I know my 2.1.9 install works fine (as I am using this for production), but when I turned the logging up just to be absolutely sure... I don't see the usual info reports of ldap connections on 3.0.0-alpha-4 like I do on 2.1.9. Here's what I expected to see (example from my 2.1.9 install):
=INFO REPORT==== 29-Oct-2011::22:32:00 ===
I(<0.350.0>:eldap:983) : LDAP connection on LDAP-1:636
=INFO REPORT==== 29-Oct-2011::22:32:00 ===
I(<0.352.0>:eldap:983) : LDAP connection on LDAP-2:636
I also see no evidence of any LDAP connections being made by looking at my netstat either:
root@localhost:/opt/ejabberd-3.0.0-alpha-4# netstat -na | grep ESTAB
tcp 0 0 127.0.0.1:43802 127.0.0.1:4369 ESTABLISHED
tcp 0 0 127.0.0.1:4369 127.0.0.1:43802 ESTABLISHED
tcp 0 0 xxx.x.x.x:22 xxx.x.x.x:50715 ESTABLISHED
udp 0 0 127.0.0.1:53904 127.0.0.1:53904 ESTABLISHED
I tried ldap in 2.1.9 and
I tried ldap in 2.1.9 and 3.0.0-alpha-4. It works in both cases.

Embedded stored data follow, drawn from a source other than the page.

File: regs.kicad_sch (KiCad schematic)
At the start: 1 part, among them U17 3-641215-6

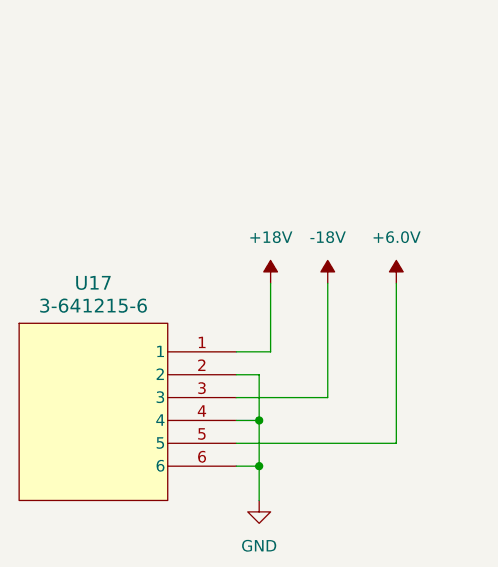
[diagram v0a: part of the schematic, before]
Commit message: Add all 4 channels
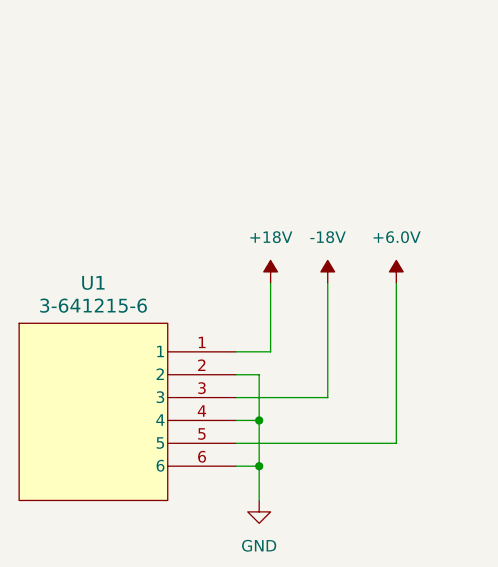
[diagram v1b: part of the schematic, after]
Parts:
- renumbered U17 to U1
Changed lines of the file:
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@@
 		(dnp no)
 		(fields_autoplaced yes)
-		(property "Reference" "#PWR0140"
+		(property "Reference" "#PWR012"
 			(at 58.42 80.01 0)
 			(effects
@@
 			(project "psc_carrier_brd"
 				(path "/40891cc8-bf64-41f4-8f69-a607d7b280eb/d1842e08-6ad7-4891-bdb3-3a3a498e2a30"
-					(reference "#PWR0140")
+					(reference "#PWR012")
 					(unit 1)
 				)
@@
 		(dnp no)
 		(fields_autoplaced yes)
-		(property "Reference" "#PWR0141"
+		(property "Reference" "#PWR013"
 			(at 66.04 80.01 0)
 			(effects
@@
 			(project ""
 				(path "/40891cc8-bf64-41f4-8f69-a607d7b280eb/d1842e08-6ad7-4891-bdb3-3a3a498e2a30"
-					(reference "#PWR0141")
+					(reference "#PWR013")
 					(unit 1)
 				)
@@
 		(dnp no)
 		(fields_autoplaced yes)
-		(property "Reference" "U17"
+		(property "Reference" "U1"
 			(at 32.385 76.2 0)
 			(effects
@@
 			(project ""
 				(path "/40891cc8-bf64-41f4-8f69-a607d7b280eb/d1842e08-6ad7-4891-bdb3-3a3a498e2a30"
-					(reference "U17")
+					(reference "U1")
 					(unit 1)
 				)
@@
 		(dnp no)
 		(fields_autoplaced yes)
-		(property "Reference" "#PWR0142"
+		(property "Reference" "#PWR010"
 			(at 50.8 106.68 0)
 			(effects
@@
 			(project ""
 				(path "/40891cc8-bf64-41f4-8f69-a607d7b280eb/d1842e08-6ad7-4891-bdb3-3a3a498e2a30"
-					(reference "#PWR0142")
+					(reference "#PWR010")
 					(unit 1)
 				)
@@
 		(dnp no)
 		(fields_autoplaced yes)
-		(property "Reference" "#PWR0139"
+		(property "Reference" "#PWR011"
 			(at 52.07 80.01 0)
 			(effects
@@
 			(project "psc_carrier_brd"
 				(path "/40891cc8-bf64-41f4-8f69-a607d7b280eb/d1842e08-6ad7-4891-bdb3-3a3a498e2a30"
-					(reference "#PWR0139")
-					(unit 1)
-				)
+					(reference "#PWR011")
+					(unit 1)
+				)

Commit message: Start routing
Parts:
- added J4: 39301022, myparts:MOLEX_39301022, symbol psc:39301022
- added R68, R69: 10K, Resistor_SMD:R_0402_1005Metric, symbol Device:R_US
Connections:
- net +6.0V is gone; now on net GND: U1.5
- net GND: now also J4.2
- net i2c_scl: now also R68.2
- net i2c_sda: now also R69.2
- new net +3.3V: R68.1, R69.1
- new net +5.0V: J4.1
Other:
- sheet +15v -15v DCCT Regulators: file regs_15v.kicad_sch -> regs_dcct_15v.kicad_sch
- sheet +5VD regulator ports: added none; removed imon_hi, imon_lo
- sheet vi_monitor ports: added none; removed mon1_v1, mon1_v2
- note added: "Input Power Connector"
- note added: "Output Power Connector (To zuDFE)"
- moved on the sheet: U1

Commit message: Finished layout
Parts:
- added D3: GREEN, LED_SMD:LED_0603_1608Metric, symbol Device:LED
- added R70: 10K, Resistor_SMD:R_0402_1005Metric, symbol Device:R_US
- added R71: 160, Resistor_SMD:R_0402_1005Metric, symbol Device:R_US
- added TP18, TP19: ${SHORT_NET_NAME(1)}, myparts:TestPoint_RCS-0C, symbol Connector:TestPoint
- J4: Cost (none) -> 1.25; MFG (none) -> Molex; MFG_PN (none) -> 0039301022
- R68, R69: Cost (none) -> 0.01; MFG (none) -> Panasonic; MFG_PN (none) -> ERJ-2RKF1002X
- U1: Cost (none) -> 1.78; MFG (none) -> TE; MFG_PN (none) -> 3-641215-6
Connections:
- net GND: now also D3.1 (K), R70.2
- net i2c_scl: now also TP18.1
- net i2c_sda: now also TP19.1
- new net: D3.2 (A), R71.2
- new net enb: R70.1, R71.1
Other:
- sheet +1.8V regulator ports: added enb; removed none
- sheet +2.5V regulator ports: added enb; removed none
- sheet +3.3V regulator ports: added enb; removed none
- moved on the sheet: R69

I couldn't get ejabberd (neither 2.1.9 or 3) to work with ldaps, because I don't know how to configure slapd+ejabberd correctly to use ldaps.
In your investigation about the exact cause of the problem, you can try to disable ldap tls in ejabberd.cfg and restart.